# Bethak - The Desi Lounge > Teen Talks >  Feelings Cafe IV

## Endurer

Welcome to the fourth thread of what has now become a series. I am hoping that DesiTwist will come back long before the memories of feelings cafe vanish from our minds. One more time:

Sometimes the toughest thing about feelings can be sharing them with others. Just because it's hard to talk about feelings doesn't mean it isn't worth it. We have had received tremendous amount of support from our fellow friends who were there in our times of need.

Sharing your feelings helps you when your feelings are good and when they aren't so good. Sharing also helps you to get closer to people you care about and who care about you. When people talk about feelings, they sometimes use the word "emotions".

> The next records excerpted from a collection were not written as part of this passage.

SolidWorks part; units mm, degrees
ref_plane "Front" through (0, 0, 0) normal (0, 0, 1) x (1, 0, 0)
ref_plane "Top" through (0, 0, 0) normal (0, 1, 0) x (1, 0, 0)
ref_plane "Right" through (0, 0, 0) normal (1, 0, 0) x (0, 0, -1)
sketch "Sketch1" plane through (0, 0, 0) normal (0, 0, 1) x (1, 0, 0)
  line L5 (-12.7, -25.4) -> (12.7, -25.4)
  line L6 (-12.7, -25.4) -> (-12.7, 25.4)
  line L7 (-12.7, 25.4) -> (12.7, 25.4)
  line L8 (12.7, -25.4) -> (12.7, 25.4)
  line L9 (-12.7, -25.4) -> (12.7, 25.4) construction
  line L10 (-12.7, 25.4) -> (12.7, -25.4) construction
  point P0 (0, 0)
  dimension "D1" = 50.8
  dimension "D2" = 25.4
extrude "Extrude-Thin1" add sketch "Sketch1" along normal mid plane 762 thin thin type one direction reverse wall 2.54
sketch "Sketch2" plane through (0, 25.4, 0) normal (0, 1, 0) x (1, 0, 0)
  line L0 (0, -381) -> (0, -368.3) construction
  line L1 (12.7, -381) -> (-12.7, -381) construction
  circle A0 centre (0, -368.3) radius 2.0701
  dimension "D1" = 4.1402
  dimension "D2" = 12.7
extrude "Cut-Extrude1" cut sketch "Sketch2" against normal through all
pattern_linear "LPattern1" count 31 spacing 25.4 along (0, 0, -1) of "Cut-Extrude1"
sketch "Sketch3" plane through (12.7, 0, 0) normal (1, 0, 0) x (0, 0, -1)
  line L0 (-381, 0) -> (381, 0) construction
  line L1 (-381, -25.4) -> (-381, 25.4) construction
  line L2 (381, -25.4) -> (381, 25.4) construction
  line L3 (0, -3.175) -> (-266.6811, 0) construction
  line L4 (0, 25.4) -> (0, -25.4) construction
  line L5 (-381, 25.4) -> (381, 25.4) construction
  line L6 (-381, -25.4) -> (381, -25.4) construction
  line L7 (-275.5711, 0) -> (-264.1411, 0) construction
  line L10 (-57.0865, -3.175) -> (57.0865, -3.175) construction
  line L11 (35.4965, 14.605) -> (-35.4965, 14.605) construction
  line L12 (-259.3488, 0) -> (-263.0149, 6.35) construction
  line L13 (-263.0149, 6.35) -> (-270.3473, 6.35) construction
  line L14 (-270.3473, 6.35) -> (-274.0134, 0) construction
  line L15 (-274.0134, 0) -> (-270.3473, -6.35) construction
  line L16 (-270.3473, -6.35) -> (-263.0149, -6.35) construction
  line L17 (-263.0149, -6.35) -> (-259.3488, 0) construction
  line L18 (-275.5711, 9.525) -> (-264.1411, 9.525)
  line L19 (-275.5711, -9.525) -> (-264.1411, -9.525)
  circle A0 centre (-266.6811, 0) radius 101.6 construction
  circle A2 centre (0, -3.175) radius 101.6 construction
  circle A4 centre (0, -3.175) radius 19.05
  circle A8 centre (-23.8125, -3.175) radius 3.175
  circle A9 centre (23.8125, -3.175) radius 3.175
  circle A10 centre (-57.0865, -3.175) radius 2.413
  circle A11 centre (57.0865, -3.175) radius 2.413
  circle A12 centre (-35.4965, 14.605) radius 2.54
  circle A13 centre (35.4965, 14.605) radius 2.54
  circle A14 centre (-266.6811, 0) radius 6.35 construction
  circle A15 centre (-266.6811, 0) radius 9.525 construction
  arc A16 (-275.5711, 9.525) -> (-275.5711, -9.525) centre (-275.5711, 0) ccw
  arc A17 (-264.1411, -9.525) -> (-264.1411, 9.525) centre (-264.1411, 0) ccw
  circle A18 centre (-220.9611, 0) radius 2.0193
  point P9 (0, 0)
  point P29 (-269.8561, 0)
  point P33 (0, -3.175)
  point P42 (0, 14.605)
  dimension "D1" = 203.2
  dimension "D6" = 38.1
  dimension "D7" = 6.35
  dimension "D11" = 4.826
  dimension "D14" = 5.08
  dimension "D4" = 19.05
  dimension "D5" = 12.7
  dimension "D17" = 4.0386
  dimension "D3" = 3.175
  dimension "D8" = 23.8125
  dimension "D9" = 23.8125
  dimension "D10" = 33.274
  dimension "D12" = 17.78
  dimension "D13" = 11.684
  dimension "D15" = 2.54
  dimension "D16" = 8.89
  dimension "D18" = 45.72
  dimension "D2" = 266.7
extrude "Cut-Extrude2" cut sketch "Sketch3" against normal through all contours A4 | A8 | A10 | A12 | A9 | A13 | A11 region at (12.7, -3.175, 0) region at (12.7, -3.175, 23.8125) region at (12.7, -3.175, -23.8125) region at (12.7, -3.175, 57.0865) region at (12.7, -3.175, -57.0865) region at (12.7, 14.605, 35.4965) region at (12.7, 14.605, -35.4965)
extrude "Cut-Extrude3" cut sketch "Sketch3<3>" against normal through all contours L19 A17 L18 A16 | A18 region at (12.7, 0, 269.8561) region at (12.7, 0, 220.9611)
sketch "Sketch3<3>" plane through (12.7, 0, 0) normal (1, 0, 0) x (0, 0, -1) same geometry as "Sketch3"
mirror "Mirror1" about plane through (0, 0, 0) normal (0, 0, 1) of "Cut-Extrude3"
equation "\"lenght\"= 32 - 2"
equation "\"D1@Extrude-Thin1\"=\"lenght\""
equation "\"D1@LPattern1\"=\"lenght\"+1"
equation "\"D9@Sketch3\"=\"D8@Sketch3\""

I hereby invite you to this hodgepodge of emotional discussions. Describe how are you feeling today at desi twist, feelings about any post, thread, member, feelings about current political situation, feelings you've suppressed, missed connections, mood swings and all. Learn more and get help, provide suggestions or ask for them. At feelings cafe, there is someone always around to help you get out of emotional distress or celebrate the good ones.

----------


## Endurer

I feel good day despite the Monday blues. Oh and my Sunday was lame too.

----------


## sikandar107

Thot this is time for our old friends to come back and post their thread.   We cannot talk to someone's hands for long.  There has to be communication between the members.  I hope that things will change and change for the gud only.

----------


## Endurer

Haha true that, I hope that happens too.

----------


## Tulip

I am feeling annoyed for no particular reason today... maybe this headache is irritating me more so I ordered tea and guess what? It is as good as drinking a cup of milk! So yeah....some days are just like that.

----------


## sikandar107

Find out the reason of your annoyance  :Smile:

----------


## sikandar107

Only those have headache who do have a head.  So cheer up you have a head Tulip !! :P

----------


## Tulip

Ya thanks.  :Smile:  Had another bad day, but like the coin it always have something positive (the other side) to it too.

----------


## sikandar107

aur agar "bad day" nahin honge tou hum "Good Day" ko mehsoos kaise karenge.  Eid tou tabhi itna enjoyable hota hai kyunki uske pehle Ramzaan hote hain.  :Smile:   Aur sabse eham baat aaj maine bhi mehsoos kiya ke mere paas bhi head hai kyunki I had a terrible headache whole day today.  Aur uparwale ne kaan bhi diya hai kynki kaan mein dard ho raha hai. Aur aankhein tou bas MashAllah hain.  Shayad season change ka fever ka maza bhi mil jaaye mujhe.   :Big Grin:

----------


## Tulip

Yes, you are right Sikandar.

I am feeling good, there is something positive about the day or maybe the treats are making it all sweet  :Cool:

----------


## Tulip

I am not well today  :Frown:  So took the day off and resting at home  :Cool:

----------


## sikandar107

Get Well Soon !!

----------


## Endurer

Time is flying off and I am ill prepared. I'm worried because I don't have a plan, any plan at all.

----------


## Tulip

Feeling enraged! Sometimes it's good to live a secluded life really!

----------


## Endurer

^ I'd take seclusion over everything else any given day.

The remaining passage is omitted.